→ Exercise requirements
In the entries below, the lines from the one with "#3=PRODUCT_CONTEXT('',#1,'mechanical');" through the one with "#26=CARTESIAN_POINT('',(-22.9512,4.56096684486963,1.5));" are to be copied exactly; both ends count.

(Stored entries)
▶

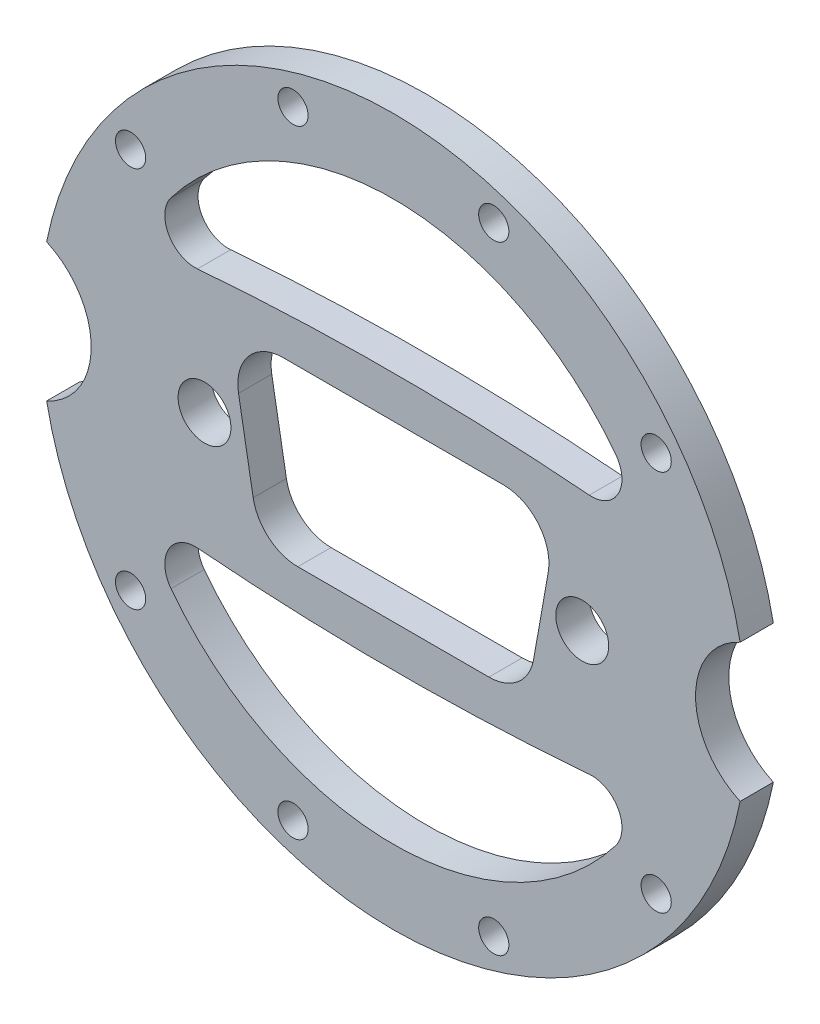
ISO-10303-21;
HEADER;
FILE_DESCRIPTION(('STEP AP214'),'2;1');
FILE_NAME('part.step','',(''),(''),'','','');
FILE_SCHEMA(('AUTOMOTIVE_DESIGN { 1 0 10303 214 1 1 1 1 }'));
ENDSEC;
DATA;
#1=APPLICATION_CONTEXT('core data for automotive mechanical design processes');
#2=APPLICATION_PROTOCOL_DEFINITION('international standard','automotive_design',2000,#1);
#3=PRODUCT_CONTEXT('',#1,'mechanical');
#4=PRODUCT('Part','Part','',(#3));
#5=PRODUCT_RELATED_PRODUCT_CATEGORY('part','',(#4));
#6=PRODUCT_DEFINITION_FORMATION('','',#4);
#7=PRODUCT_DEFINITION_CONTEXT('part definition',#1,'design');
#8=PRODUCT_DEFINITION('design','',#6,#7);
#9=PRODUCT_DEFINITION_SHAPE('','',#8);
#10=(LENGTH_UNIT() NAMED_UNIT(*) SI_UNIT(.MILLI.,.METRE.));
#11=(NAMED_UNIT(*) PLANE_ANGLE_UNIT() SI_UNIT($,.RADIAN.));
#12=(NAMED_UNIT(*) SI_UNIT($,.STERADIAN.) SOLID_ANGLE_UNIT());
#13=UNCERTAINTY_MEASURE_WITH_UNIT(LENGTH_MEASURE(1.E-05),#10,'distance_accuracy_value','');
#14=(GEOMETRIC_REPRESENTATION_CONTEXT(3) GLOBAL_UNCERTAINTY_ASSIGNED_CONTEXT((#13)) GLOBAL_UNIT_ASSIGNED_CONTEXT((#10,
#11,#12)) REPRESENTATION_CONTEXT('',''));
#15=CARTESIAN_POINT('',(0.,0.,0.));
#16=DIRECTION('',(0.,0.,1.));
#17=DIRECTION('',(1.,0.,0.));
#18=AXIS2_PLACEMENT_3D('',#15,#16,#17);
#19=CARTESIAN_POINT('',(0.,0.,2.2));
#20=DIRECTION('',(0.,0.,-1.));
#21=DIRECTION('',(-1.,0.,0.));
#22=AXIS2_PLACEMENT_3D('',#19,#20,#21);
#23=CYLINDRICAL_SURFACE('',#22,23.4);
#24=DIRECTION('',(0.,0.,-1.));
#25=VECTOR('',#24,1.);
#26=CARTESIAN_POINT('',(-22.9512,4.56096684486963,1.5));
#27=LINE('',#26,#25);
#28=CARTESIAN_POINT('',(-22.9512,4.56096684486963,2.2));
#29=VERTEX_POINT('',#28);
#30=CARTESIAN_POINT('',(-22.9512,4.56096684486963,0.));
#31=VERTEX_POINT('',#30);
#32=EDGE_CURVE('E11',#29,#31,#27,.T.);
#33=ORIENTED_EDGE('',*,*,#32,.F.);
#34=CARTESIAN_POINT('',(0.,0.,2.2));
#35=DIRECTION('',(0.,0.,1.));
#36=DIRECTION('',(1.,0.,0.));
#37=AXIS2_PLACEMENT_3D('',#34,#35,#36);
#38=CIRCLE('',#37,23.4);
#39=CARTESIAN_POINT('',(22.9512,4.56096684486963,2.2));
#40=VERTEX_POINT('',#39);
#41=EDGE_CURVE('E200',#40,#29,#38,.T.);
#42=ORIENTED_EDGE('',*,*,#41,.F.);
#43=DIRECTION('',(0.,0.,-1.));
#44=VECTOR('',#43,1.);
#45=CARTESIAN_POINT('',(22.9512,4.56096684486963,1.5));
#46=LINE('',#45,#44);
#47=CARTESIAN_POINT('',(22.9512,4.56096684486963,0.));
#48=VERTEX_POINT('',#47);
#49=EDGE_CURVE('E180',#48,#40,#46,.F.);
#50=ORIENTED_EDGE('',*,*,#49,.F.);
#51=CARTESIAN_POINT('',(0.,0.,0.));
#52=DIRECTION('',(0.,0.,1.));
#53=DIRECTION('',(1.,0.,0.));
#54=AXIS2_PLACEMENT_3D('',#51,#52,#53);
#55=CIRCLE('',#54,23.4);
#56=EDGE_CURVE('E189',#48,#31,#55,.T.);
#57=ORIENTED_EDGE('',*,*,#56,.T.);
#58=EDGE_LOOP('',(#33,#42,#50,#57));
#59=FACE_BOUND('',#58,.T.);
#60=ADVANCED_FACE('F39',(#59),#23,.T.);
#61=DIRECTION('',(0.,0.,-1.));
#62=VECTOR('',#61,1.);
#63=CARTESIAN_POINT('',(-22.9512,-4.56096684486963,1.5));
#64=LINE('',#63,#62);
#65=CARTESIAN_POINT('',(-22.9512,-4.56096684486963,0.));
#66=VERTEX_POINT('',#65);
#67=CARTESIAN_POINT('',(-22.9512,-4.56096684486963,2.2));
#68=VERTEX_POINT('',#67);
#69=EDGE_CURVE('E46',#66,#68,#64,.F.);
#70=ORIENTED_EDGE('',*,*,#69,.F.);
#71=CARTESIAN_POINT('',(22.9512,-4.56096684486963,0.));
#72=VERTEX_POINT('',#71);
#73=EDGE_CURVE('E187',#66,#72,#55,.T.);
#74=ORIENTED_EDGE('',*,*,#73,.T.);
#75=DIRECTION('',(0.,0.,-1.));
#76=VECTOR('',#75,1.);
#77=CARTESIAN_POINT('',(22.9512,-4.56096684486963,1.5));
#78=LINE('',#77,#76);
#79=CARTESIAN_POINT('',(22.9512,-4.56096684486963,2.2));
#80=VERTEX_POINT('',#79);
#81=EDGE_CURVE('E172',#80,#72,#78,.T.);
#82=ORIENTED_EDGE('',*,*,#81,.F.);
#83=EDGE_CURVE('E194',#68,#80,#38,.T.);
#84=ORIENTED_EDGE('',*,*,#83,.F.);
#85=EDGE_LOOP('',(#70,#74,#82,#84));
#86=FACE_BOUND('',#85,.T.);
#87=ADVANCED_FACE('F191',(#86),#23,.T.);
#88=CARTESIAN_POINT('',(0.,0.,2.2));
#89=DIRECTION('',(0.,0.,1.));
#90=DIRECTION('',(1.,0.,0.));
#91=AXIS2_PLACEMENT_3D('',#88,#89,#90);
#92=PLANE('',#91);
#93=CARTESIAN_POINT('',(7.29557674096337,2.75,2.2));
#94=DIRECTION('',(0.,0.,1.));
#95=DIRECTION('',(-1.,0.,0.));
#96=AXIS2_PLACEMENT_3D('',#93,#94,#95);
#97=CIRCLE('',#96,3.);
#98=CARTESIAN_POINT('',(10.25,2.2290554669992,2.2));
#99=VERTEX_POINT('',#98);
#100=CARTESIAN_POINT('',(7.29557674096337,5.75,2.2));
#101=VERTEX_POINT('',#100);
#102=EDGE_CURVE('E210',#99,#101,#97,.T.);
#103=ORIENTED_EDGE('',*,*,#102,.F.);
#104=DIRECTION('',(0.173648177666934,0.984807753012208,0.));
#105=VECTOR('',#104,1.);
#106=CARTESIAN_POINT('',(10.25,2.2290554669992,2.2));
#107=LINE('',#106,#105);
#108=CARTESIAN_POINT('',(9.28020160610342,-3.2709445330008,2.2));
#109=VERTEX_POINT('',#108);
#110=EDGE_CURVE('E220',#109,#99,#107,.T.);
#111=ORIENTED_EDGE('',*,*,#110,.F.);
#112=CARTESIAN_POINT('',(6.3257783470668,-2.75,2.2));
#113=DIRECTION('',(0.,0.,1.));
#114=DIRECTION('',(1.,0.,0.));
#115=AXIS2_PLACEMENT_3D('',#112,#113,#114);
#116=CIRCLE('',#115,3.);
#117=CARTESIAN_POINT('',(6.3257783470668,-5.75,2.2));
#118=VERTEX_POINT('',#117);
#119=EDGE_CURVE('E256',#118,#109,#116,.T.);
#120=ORIENTED_EDGE('',*,*,#119,.F.);
#121=DIRECTION('',(1.,0.,0.));
#122=VECTOR('',#121,1.);
#123=CARTESIAN_POINT('',(-6.3257783470668,-5.75,2.2));
#124=LINE('',#123,#122);
#125=CARTESIAN_POINT('',(-6.3257783470668,-5.75,2.2));
#126=VERTEX_POINT('',#125);
#127=EDGE_CURVE('E253',#126,#118,#124,.T.);
#128=ORIENTED_EDGE('',*,*,#127,.F.);
#129=CARTESIAN_POINT('',(-6.3257783470668,-2.75,2.2));
#130=DIRECTION('',(0.,0.,1.));
#131=DIRECTION('',(1.,0.,0.));
#132=AXIS2_PLACEMENT_3D('',#129,#130,#131);
#133=CIRCLE('',#132,3.);
#134=CARTESIAN_POINT('',(-9.28020160610343,-3.2709445330008,2.2));
#135=VERTEX_POINT('',#134);
#136=EDGE_CURVE('E250',#135,#126,#133,.T.);
#137=ORIENTED_EDGE('',*,*,#136,.F.);
#138=DIRECTION('',(0.173648177666934,-0.984807753012208,0.));
#139=VECTOR('',#138,1.);
#140=CARTESIAN_POINT('',(-10.25,2.2290554669992,2.2));
#141=LINE('',#140,#139);
#142=CARTESIAN_POINT('',(-10.25,2.2290554669992,2.2));
#143=VERTEX_POINT('',#142);
#144=EDGE_CURVE('E247',#143,#135,#141,.T.);
#145=ORIENTED_EDGE('',*,*,#144,.F.);
#146=CARTESIAN_POINT('',(-7.29557674096338,2.75,2.2));
#147=DIRECTION('',(0.,0.,1.));
#148=DIRECTION('',(1.,0.,0.));
#149=AXIS2_PLACEMENT_3D('',#146,#147,#148);
#150=CIRCLE('',#149,3.);
#151=CARTESIAN_POINT('',(-7.29557674096337,5.75,2.2));
#152=VERTEX_POINT('',#151);
#153=EDGE_CURVE('E244',#152,#143,#150,.T.);
#154=ORIENTED_EDGE('',*,*,#153,.F.);
#155=DIRECTION('',(-1.,0.,0.));
#156=VECTOR('',#155,1.);
#157=CARTESIAN_POINT('',(-7.29557674096337,5.75,2.2));
#158=LINE('',#157,#156);
#159=EDGE_CURVE('E212',#101,#152,#158,.T.);
#160=ORIENTED_EDGE('',*,*,#159,.F.);
#161=EDGE_LOOP('',(#103,#111,#120,#128,#137,#145,#154,#160));
#162=FACE_BOUND('',#161,.T.);
#163=CARTESIAN_POINT('',(-12.5,0.,2.2));
#164=DIRECTION('',(0.,0.,1.));
#165=DIRECTION('',(-1.,0.,0.));
#166=AXIS2_PLACEMENT_3D('',#163,#164,#165);
#167=CIRCLE('',#166,1.75);
#168=CARTESIAN_POINT('',(-14.25,0.,2.2));
#169=VERTEX_POINT('',#168);
#170=EDGE_CURVE('E263',#169,#169,#167,.T.);
#171=ORIENTED_EDGE('',*,*,#170,.F.);
#172=EDGE_LOOP('',(#171));
#173=FACE_BOUND('',#172,.T.);
#174=CARTESIAN_POINT('',(12.5,0.,2.2));
#175=DIRECTION('',(0.,0.,1.));
#176=DIRECTION('',(1.,0.,0.));
#177=AXIS2_PLACEMENT_3D('',#174,#175,#176);
#178=CIRCLE('',#177,1.75);
#179=CARTESIAN_POINT('',(14.25,0.,2.2));
#180=VERTEX_POINT('',#179);
#181=EDGE_CURVE('E281',#180,#180,#178,.T.);
#182=ORIENTED_EDGE('',*,*,#181,.F.);
#183=EDGE_LOOP('',(#182));
#184=FACE_BOUND('',#183,.T.);
#185=CARTESIAN_POINT('',(-17.3938653790616,-12.6373829242879,2.2));
#186=DIRECTION('',(0.,0.,1.));
#187=DIRECTION('',(1.,0.,0.));
#188=AXIS2_PLACEMENT_3D('',#185,#186,#187);
#189=CIRCLE('',#188,1.);
#190=CARTESIAN_POINT('',(-16.3938653790616,-12.6373829242879,2.2));
#191=VERTEX_POINT('',#190);
#192=EDGE_CURVE('E296',#191,#191,#189,.T.);
#193=ORIENTED_EDGE('',*,*,#192,.F.);
#194=EDGE_LOOP('',(#193));
#195=FACE_BOUND('',#194,.T.);
#196=CARTESIAN_POINT('',(6.6438653790611,-20.4477151003459,2.2));
#197=DIRECTION('',(0.,0.,1.));
#198=DIRECTION('',(1.,0.,0.));
#199=AXIS2_PLACEMENT_3D('',#196,#197,#198);
#200=CIRCLE('',#199,1.);
#201=CARTESIAN_POINT('',(7.6438653790611,-20.4477151003459,2.2));
#202=VERTEX_POINT('',#201);
#203=EDGE_CURVE('E308',#202,#202,#200,.T.);
#204=ORIENTED_EDGE('',*,*,#203,.F.);
#205=EDGE_LOOP('',(#204));
#206=FACE_BOUND('',#205,.T.);
#207=CARTESIAN_POINT('',(17.3938653790615,12.637382924288,2.2));
#208=DIRECTION('',(0.,0.,1.));
#209=DIRECTION('',(1.,0.,0.));
#210=AXIS2_PLACEMENT_3D('',#207,#208,#209);
#211=CIRCLE('',#210,1.);
#212=CARTESIAN_POINT('',(18.3938653790615,12.637382924288,2.2));
#213=VERTEX_POINT('',#212);
#214=EDGE_CURVE('E320',#213,#213,#211,.T.);
#215=ORIENTED_EDGE('',*,*,#214,.F.);
#216=EDGE_LOOP('',(#215));
#217=FACE_BOUND('',#216,.T.);
#218=CARTESIAN_POINT('',(6.64386537906153,20.4477151003458,2.2));
#219=DIRECTION('',(0.,0.,1.));
#220=DIRECTION('',(1.,0.,0.));
#221=AXIS2_PLACEMENT_3D('',#218,#219,#220);
#222=CIRCLE('',#221,0.999999999999999);
#223=CARTESIAN_POINT('',(7.64386537906152,20.4477151003458,2.2));
#224=VERTEX_POINT('',#223);
#225=EDGE_CURVE('E332',#224,#224,#222,.T.);
#226=ORIENTED_EDGE('',*,*,#225,.F.);
#227=EDGE_LOOP('',(#226));
#228=FACE_BOUND('',#227,.T.);
#229=ORIENTED_EDGE('',*,*,#41,.T.);
#230=CARTESIAN_POINT('',(-25.,0.,2.2));
#231=DIRECTION('',(0.,0.,1.));
#232=DIRECTION('',(1.,0.,0.));
#233=AXIS2_PLACEMENT_3D('',#230,#231,#232);
#234=CIRCLE('',#233,5.);
#235=EDGE_CURVE('E203',#29,#68,#234,.F.);
#236=ORIENTED_EDGE('',*,*,#235,.T.);
#237=ORIENTED_EDGE('',*,*,#83,.T.);
#238=CARTESIAN_POINT('',(25.,0.,2.2));
#239=DIRECTION('',(0.,0.,1.));
#240=DIRECTION('',(1.,0.,0.));
#241=AXIS2_PLACEMENT_3D('',#238,#239,#240);
#242=CIRCLE('',#241,5.);
#243=EDGE_CURVE('E175',#80,#40,#242,.F.);
#244=ORIENTED_EDGE('',*,*,#243,.T.);
#245=EDGE_LOOP('',(#229,#236,#237,#244));
#246=FACE_BOUND('',#245,.T.);
#247=CARTESIAN_POINT('',(13.12941512368,9.99342076118538,2.2));
#248=DIRECTION('',(0.,0.,1.));
#249=DIRECTION('',(1.,0.,0.));
#250=AXIS2_PLACEMENT_3D('',#247,#248,#249);
#251=CIRCLE('',#250,1.99999999999987);
#252=CARTESIAN_POINT('',(12.9673235789432,8.00000000000015,2.2));
#253=VERTEX_POINT('',#252);
#254=CARTESIAN_POINT('',(14.7208593810955,11.2047444898137,2.2));
#255=VERTEX_POINT('',#254);
#256=EDGE_CURVE('E371',#253,#255,#251,.T.);
#257=ORIENTED_EDGE('',*,*,#256,.F.);
#258=CARTESIAN_POINT('',(0.,-151.473660894829,2.2));
#259=DIRECTION('',(0.,0.,-1.));
#260=DIRECTION('',(-1.,0.,0.));
#261=AXIS2_PLACEMENT_3D('',#258,#259,#260);
#262=CIRCLE('',#261,160.);
#263=CARTESIAN_POINT('',(-12.9673235789432,8.00000000000015,2.2));
#264=VERTEX_POINT('',#263);
#265=EDGE_CURVE('E369',#264,#253,#262,.T.);
#266=ORIENTED_EDGE('',*,*,#265,.F.);
#267=CARTESIAN_POINT('',(-13.12941512368,9.99342076118538,2.2));
#268=DIRECTION('',(0.,0.,1.));
#269=DIRECTION('',(-1.,0.,0.));
#270=AXIS2_PLACEMENT_3D('',#267,#268,#269);
#271=CIRCLE('',#270,1.99999999999987);
#272=CARTESIAN_POINT('',(-14.7208593810956,11.2047444898138,2.2));
#273=VERTEX_POINT('',#272);
#274=EDGE_CURVE('E377',#273,#264,#271,.T.);
#275=ORIENTED_EDGE('',*,*,#274,.F.);
#276=CARTESIAN_POINT('',(0.,0.,2.2));
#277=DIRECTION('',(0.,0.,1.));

◀

→ Response box
#3=PRODUCT_CONTEXT('',#1,'mechanical');
#4=PRODUCT('Part','Part','',(#3));
#5=PRODUCT_RELATED_PRODUCT_CATEGORY('part','',(#4));
#6=PRODUCT_DEFINITION_FORMATION('','',#4);
#7=PRODUCT_DEFINITION_CONTEXT('part definition',#1,'design');
#8=PRODUCT_DEFINITION('design','',#6,#7);
#9=PRODUCT_DEFINITION_SHAPE('','',#8);
#10=(LENGTH_UNIT() NAMED_UNIT(*) SI_UNIT(.MILLI.,.METRE.));
#11=(NAMED_UNIT(*) PLANE_ANGLE_UNIT() SI_UNIT($,.RADIAN.));
#12=(NAMED_UNIT(*) SI_UNIT($,.STERADIAN.) SOLID_ANGLE_UNIT());
#13=UNCERTAINTY_MEASURE_WITH_UNIT(LENGTH_MEASURE(1.E-05),#10,'distance_accuracy_value','');
#14=(GEOMETRIC_REPRESENTATION_CONTEXT(3) GLOBAL_UNCERTAINTY_ASSIGNED_CONTEXT((#13)) GLOBAL_UNIT_ASSIGNED_CONTEXT((#10,
#11,#12)) REPRESENTATION_CONTEXT('',''));
#15=CARTESIAN_POINT('',(0.,0.,0.));
#16=DIRECTION('',(0.,0.,1.));
#17=DIRECTION('',(1.,0.,0.));
#18=AXIS2_PLACEMENT_3D('',#15,#16,#17);
#19=CARTESIAN_POINT('',(0.,0.,2.2));
#20=DIRECTION('',(0.,0.,-1.));
#21=DIRECTION('',(-1.,0.,0.));
#22=AXIS2_PLACEMENT_3D('',#19,#20,#21);
#23=CYLINDRICAL_SURFACE('',#22,23.4);
#24=DIRECTION('',(0.,0.,-1.));
#25=VECTOR('',#24,1.);
#26=CARTESIAN_POINT('',(-22.9512,4.56096684486963,1.5));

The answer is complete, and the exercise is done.